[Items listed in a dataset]
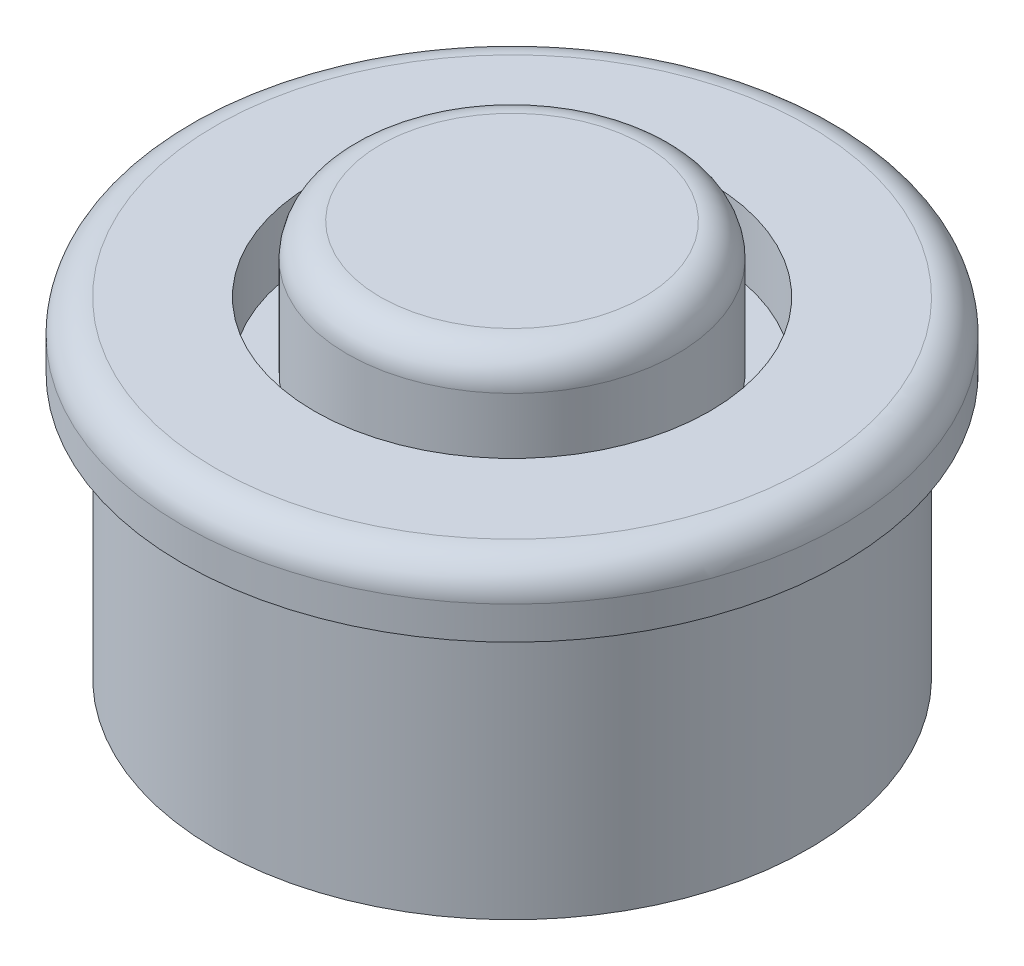
ISO-10303-21;
HEADER;
FILE_DESCRIPTION(('STEP AP214'),'2;1');
FILE_NAME('part.step','',(''),(''),'','','');
FILE_SCHEMA(('AUTOMOTIVE_DESIGN { 1 0 10303 214 1 1 1 1 }'));
ENDSEC;
DATA;
#1=APPLICATION_CONTEXT('core data for automotive mechanical design processes');
#2=APPLICATION_PROTOCOL_DEFINITION('international standard','automotive_design',2000,#1);
#3=PRODUCT_CONTEXT('',#1,'mechanical');
#4=PRODUCT('Part','Part','',(#3));
#5=PRODUCT_RELATED_PRODUCT_CATEGORY('part','',(#4));
#6=PRODUCT_DEFINITION_FORMATION('','',#4);
#7=PRODUCT_DEFINITION_CONTEXT('part definition',#1,'design');
#8=PRODUCT_DEFINITION('design','',#6,#7);
#9=PRODUCT_DEFINITION_SHAPE('','',#8);
#10=(LENGTH_UNIT() NAMED_UNIT(*) SI_UNIT(.MILLI.,.METRE.));
#11=(NAMED_UNIT(*) PLANE_ANGLE_UNIT() SI_UNIT($,.RADIAN.));
#12=(NAMED_UNIT(*) SI_UNIT($,.STERADIAN.) SOLID_ANGLE_UNIT());
#13=UNCERTAINTY_MEASURE_WITH_UNIT(LENGTH_MEASURE(1.E-05),#10,'distance_accuracy_value','');
#14=(GEOMETRIC_REPRESENTATION_CONTEXT(3) GLOBAL_UNCERTAINTY_ASSIGNED_CONTEXT((#13)) GLOBAL_UNIT_ASSIGNED_CONTEXT((#10,
#11,#12)) REPRESENTATION_CONTEXT('',''));
#15=CARTESIAN_POINT('',(0.,0.,0.));
#16=DIRECTION('',(0.,0.,1.));
#17=DIRECTION('',(1.,0.,0.));
#18=AXIS2_PLACEMENT_3D('',#15,#16,#17);
#19=CARTESIAN_POINT('',(0.,2.,0.));
#20=DIRECTION('',(0.,1.,0.));
#21=DIRECTION('',(0.,0.,1.));
#22=AXIS2_PLACEMENT_3D('',#19,#20,#21);
#23=PLANE('',#22);
#24=CARTESIAN_POINT('',(0.,2.,0.));
#25=DIRECTION('',(0.,1.,0.));
#26=DIRECTION('',(0.,0.,1.));
#27=AXIS2_PLACEMENT_3D('',#24,#25,#26);
#28=CIRCLE('',#27,9.);
#29=CARTESIAN_POINT('',(0.,2.,9.));
#30=VERTEX_POINT('',#29);
#31=EDGE_CURVE('E44',#30,#30,#28,.T.);
#32=ORIENTED_EDGE('',*,*,#31,.T.);
#33=EDGE_LOOP('',(#32));
#34=FACE_BOUND('',#33,.T.);
#35=CARTESIAN_POINT('',(0.,2.,0.));
#36=DIRECTION('',(0.,1.,0.));
#37=DIRECTION('',(0.,0.,1.));
#38=AXIS2_PLACEMENT_3D('',#35,#36,#37);
#39=CIRCLE('',#38,6.);
#40=CARTESIAN_POINT('',(0.,2.,6.));
#41=VERTEX_POINT('',#40);
#42=EDGE_CURVE('E60',#41,#41,#39,.T.);
#43=ORIENTED_EDGE('',*,*,#42,.F.);
#44=EDGE_LOOP('',(#43));
#45=FACE_BOUND('',#44,.T.);
#46=ADVANCED_FACE('F37',(#34,#45),#23,.T.);
#47=CARTESIAN_POINT('',(0.,0.,0.));
#48=DIRECTION('',(0.,1.,0.));
#49=DIRECTION('',(0.,0.,1.));
#50=AXIS2_PLACEMENT_3D('',#47,#48,#49);
#51=PLANE('',#50);
#52=CARTESIAN_POINT('',(0.,0.,0.));
#53=DIRECTION('',(0.,1.,0.));
#54=DIRECTION('',(0.,0.,1.));
#55=AXIS2_PLACEMENT_3D('',#52,#53,#54);
#56=CIRCLE('',#55,9.);
#57=CARTESIAN_POINT('',(0.,0.,9.));
#58=VERTEX_POINT('',#57);
#59=EDGE_CURVE('E67',#58,#58,#56,.T.);
#60=ORIENTED_EDGE('',*,*,#59,.T.);
#61=EDGE_LOOP('',(#60));
#62=FACE_BOUND('',#61,.T.);
#63=CARTESIAN_POINT('',(0.,0.,0.));
#64=DIRECTION('',(0.,1.,0.));
#65=DIRECTION('',(0.,0.,1.));
#66=AXIS2_PLACEMENT_3D('',#63,#64,#65);
#67=CIRCLE('',#66,10.);
#68=CARTESIAN_POINT('',(0.,0.,10.));
#69=VERTEX_POINT('',#68);
#70=EDGE_CURVE('E57',#69,#69,#67,.T.);
#71=ORIENTED_EDGE('',*,*,#70,.F.);
#72=EDGE_LOOP('',(#71));
#73=FACE_BOUND('',#72,.T.);
#74=ADVANCED_FACE('F98',(#62,#73),#51,.F.);
#75=CARTESIAN_POINT('',(0.,2.,0.));
#76=DIRECTION('',(0.,-1.,0.));
#77=DIRECTION('',(0.,0.,-1.));
#78=AXIS2_PLACEMENT_3D('',#75,#76,#77);
#79=CYLINDRICAL_SURFACE('',#78,10.);
#80=CARTESIAN_POINT('',(0.,1.,0.));
#81=DIRECTION('',(0.,1.,0.));
#82=DIRECTION('',(0.,0.,1.));
#83=AXIS2_PLACEMENT_3D('',#80,#81,#82);
#84=CIRCLE('',#83,10.);
#85=CARTESIAN_POINT('',(0.,1.,10.));
#86=VERTEX_POINT('',#85);
#87=EDGE_CURVE('E10',#86,#86,#84,.F.);
#88=ORIENTED_EDGE('',*,*,#87,.T.);
#89=EDGE_LOOP('',(#88));
#90=FACE_BOUND('',#89,.T.);
#91=ORIENTED_EDGE('',*,*,#70,.T.);
#92=EDGE_LOOP('',(#91));
#93=FACE_BOUND('',#92,.T.);
#94=ADVANCED_FACE('F88',(#90,#93),#79,.T.);
#95=CARTESIAN_POINT('',(0.,2.,0.));
#96=DIRECTION('',(0.,-1.,0.));
#97=DIRECTION('',(0.,0.,-1.));
#98=AXIS2_PLACEMENT_3D('',#95,#96,#97);
#99=CYLINDRICAL_SURFACE('',#98,6.);
#100=ORIENTED_EDGE('',*,*,#42,.T.);
#101=EDGE_LOOP('',(#100));
#102=FACE_BOUND('',#101,.T.);
#103=CARTESIAN_POINT('',(0.,0.,0.));
#104=DIRECTION('',(0.,1.,0.));
#105=DIRECTION('',(0.,0.,1.));
#106=AXIS2_PLACEMENT_3D('',#103,#104,#105);
#107=CIRCLE('',#106,6.);
#108=CARTESIAN_POINT('',(0.,0.,6.));
#109=VERTEX_POINT('',#108);
#110=EDGE_CURVE('E61',#109,#109,#107,.T.);
#111=ORIENTED_EDGE('',*,*,#110,.F.);
#112=EDGE_LOOP('',(#111));
#113=FACE_BOUND('',#112,.T.);
#114=ADVANCED_FACE('F85',(#102,#113),#99,.F.);
#115=CARTESIAN_POINT('',(0.,-8.,0.));
#116=DIRECTION('',(0.,1.,0.));
#117=DIRECTION('',(0.,0.,1.));
#118=AXIS2_PLACEMENT_3D('',#115,#116,#117);
#119=PLANE('',#118);
#120=CARTESIAN_POINT('',(0.,-8.,0.));
#121=DIRECTION('',(0.,1.,0.));
#122=DIRECTION('',(0.,0.,1.));
#123=AXIS2_PLACEMENT_3D('',#120,#121,#122);
#124=CIRCLE('',#123,9.);
#125=CARTESIAN_POINT('',(0.,-8.,9.));
#126=VERTEX_POINT('',#125);
#127=EDGE_CURVE('E64',#126,#126,#124,.T.);
#128=ORIENTED_EDGE('',*,*,#127,.F.);
#129=EDGE_LOOP('',(#128));
#130=FACE_BOUND('',#129,.T.);
#131=ADVANCED_FACE('F87',(#130),#119,.F.);
#132=CARTESIAN_POINT('',(0.,-8.,0.));
#133=DIRECTION('',(0.,1.,0.));
#134=DIRECTION('',(0.,0.,1.));
#135=AXIS2_PLACEMENT_3D('',#132,#133,#134);
#136=CYLINDRICAL_SURFACE('',#135,9.);
#137=ORIENTED_EDGE('',*,*,#127,.T.);
#138=EDGE_LOOP('',(#137));
#139=FACE_BOUND('',#138,.T.);
#140=ORIENTED_EDGE('',*,*,#59,.F.);
#141=EDGE_LOOP('',(#140));
#142=FACE_BOUND('',#141,.T.);
#143=ADVANCED_FACE('F81',(#139,#142),#136,.T.);
#144=CARTESIAN_POINT('',(0.,0.,0.));
#145=DIRECTION('',(0.,1.,0.));
#146=DIRECTION('',(0.,0.,1.));
#147=AXIS2_PLACEMENT_3D('',#144,#145,#146);
#148=PLANE('',#147);
#149=CARTESIAN_POINT('',(0.,0.,0.));
#150=DIRECTION('',(0.,1.,0.));
#151=DIRECTION('',(0.,0.,1.));
#152=AXIS2_PLACEMENT_3D('',#149,#150,#151);
#153=CIRCLE('',#152,5.);
#154=CARTESIAN_POINT('',(0.,0.,5.));
#155=VERTEX_POINT('',#154);
#156=EDGE_CURVE('E70',#155,#155,#153,.T.);
#157=ORIENTED_EDGE('',*,*,#156,.F.);
#158=EDGE_LOOP('',(#157));
#159=FACE_BOUND('',#158,.T.);
#160=ORIENTED_EDGE('',*,*,#110,.T.);
#161=EDGE_LOOP('',(#160));
#162=FACE_BOUND('',#161,.T.);
#163=ADVANCED_FACE('F78',(#159,#162),#148,.T.);
#164=CARTESIAN_POINT('',(0.,4.,0.));
#165=DIRECTION('',(0.,-1.,0.));
#166=DIRECTION('',(0.,0.,-1.));
#167=AXIS2_PLACEMENT_3D('',#164,#165,#166);
#168=CYLINDRICAL_SURFACE('',#167,5.);
#169=CARTESIAN_POINT('',(0.,3.,0.));
#170=DIRECTION('',(0.,1.,0.));
#171=DIRECTION('',(0.,0.,1.));
#172=AXIS2_PLACEMENT_3D('',#169,#170,#171);
#173=CIRCLE('',#172,5.);
#174=CARTESIAN_POINT('',(0.,3.,5.));
#175=VERTEX_POINT('',#174);
#176=EDGE_CURVE('E48',#175,#175,#173,.F.);
#177=ORIENTED_EDGE('',*,*,#176,.T.);
#178=EDGE_LOOP('',(#177));
#179=FACE_BOUND('',#178,.T.);
#180=ORIENTED_EDGE('',*,*,#156,.T.);
#181=EDGE_LOOP('',(#180));
#182=FACE_BOUND('',#181,.T.);
#183=ADVANCED_FACE('F76',(#179,#182),#168,.T.);
#184=CARTESIAN_POINT('',(0.,4.,0.));
#185=DIRECTION('',(0.,1.,0.));
#186=DIRECTION('',(0.,0.,1.));
#187=AXIS2_PLACEMENT_3D('',#184,#185,#186);
#188=PLANE('',#187);
#189=CARTESIAN_POINT('',(0.,4.,0.));
#190=DIRECTION('',(0.,1.,0.));
#191=DIRECTION('',(0.,0.,1.));
#192=AXIS2_PLACEMENT_3D('',#189,#190,#191);
#193=CIRCLE('',#192,4.);
#194=CARTESIAN_POINT('',(0.,4.,4.));
#195=VERTEX_POINT('',#194);
#196=EDGE_CURVE('E52',#195,#195,#193,.T.);
#197=ORIENTED_EDGE('',*,*,#196,.T.);
#198=EDGE_LOOP('',(#197));
#199=FACE_BOUND('',#198,.T.);
#200=ADVANCED_FACE('F110',(#199),#188,.T.);
#201=CARTESIAN_POINT('',(0.,3.,0.));
#202=DIRECTION('',(0.,1.,0.));
#203=DIRECTION('',(0.,0.,1.));
#204=AXIS2_PLACEMENT_3D('',#201,#202,#203);
#205=TOROIDAL_SURFACE('',#204,4.,1.);
#206=ORIENTED_EDGE('',*,*,#176,.F.);
#207=EDGE_LOOP('',(#206));
#208=FACE_BOUND('',#207,.T.);
#209=ORIENTED_EDGE('',*,*,#196,.F.);
#210=EDGE_LOOP('',(#209));
#211=FACE_BOUND('',#210,.T.);
#212=ADVANCED_FACE('F108',(#208,#211),#205,.T.);
#213=CARTESIAN_POINT('',(0.,1.,0.));
#214=DIRECTION('',(0.,1.,0.));
#215=DIRECTION('',(0.,0.,1.));
#216=AXIS2_PLACEMENT_3D('',#213,#214,#215);
#217=TOROIDAL_SURFACE('',#216,9.,1.);
#218=ORIENTED_EDGE('',*,*,#87,.F.);
#219=EDGE_LOOP('',(#218));
#220=FACE_BOUND('',#219,.T.);
#221=ORIENTED_EDGE('',*,*,#31,.F.);
#222=EDGE_LOOP('',(#221));
#223=FACE_BOUND('',#222,.T.);
#224=ADVANCED_FACE('F39',(#220,#223),#217,.T.);
#225=CLOSED_SHELL('',(#46,#74,#94,#114,#131,#143,#163,#183,#200,#212,#224));
#226=MANIFOLD_SOLID_BREP('B2',#225);
#227=ADVANCED_BREP_SHAPE_REPRESENTATION('',(#18,#226),#14);
#228=SHAPE_DEFINITION_REPRESENTATION(#9,#227);
ENDSEC;
END-ISO-10303-21;

◆ Activity: The lines to be transcribed are those from the first line of the data above through the line holding "#12=(NAMED_UNIT(*) SI_UNIT($,.STERADIAN.) SOLID_ANGLE_UNIT());", inclusive; copy them exactly and only, leaving out the pictures.

◆ Response area:
ISO-10303-21;
HEADER;
FILE_DESCRIPTION(('STEP AP214'),'2;1');
FILE_NAME('part.step','',(''),(''),'','','');
FILE_SCHEMA(('AUTOMOTIVE_DESIGN { 1 0 10303 214 1 1 1 1 }'));
ENDSEC;
DATA;
#1=APPLICATION_CONTEXT('core data for automotive mechanical design processes');
#2=APPLICATION_PROTOCOL_DEFINITION('international standard','automotive_design',2000,#1);
#3=PRODUCT_CONTEXT('',#1,'mechanical');
#4=PRODUCT('Part','Part','',(#3));
#5=PRODUCT_RELATED_PRODUCT_CATEGORY('part','',(#4));
#6=PRODUCT_DEFINITION_FORMATION('','',#4);
#7=PRODUCT_DEFINITION_CONTEXT('part definition',#1,'design');
#8=PRODUCT_DEFINITION('design','',#6,#7);
#9=PRODUCT_DEFINITION_SHAPE('','',#8);
#10=(LENGTH_UNIT() NAMED_UNIT(*) SI_UNIT(.MILLI.,.METRE.));
#11=(NAMED_UNIT(*) PLANE_ANGLE_UNIT() SI_UNIT($,.RADIAN.));
#12=(NAMED_UNIT(*) SI_UNIT($,.STERADIAN.) SOLID_ANGLE_UNIT());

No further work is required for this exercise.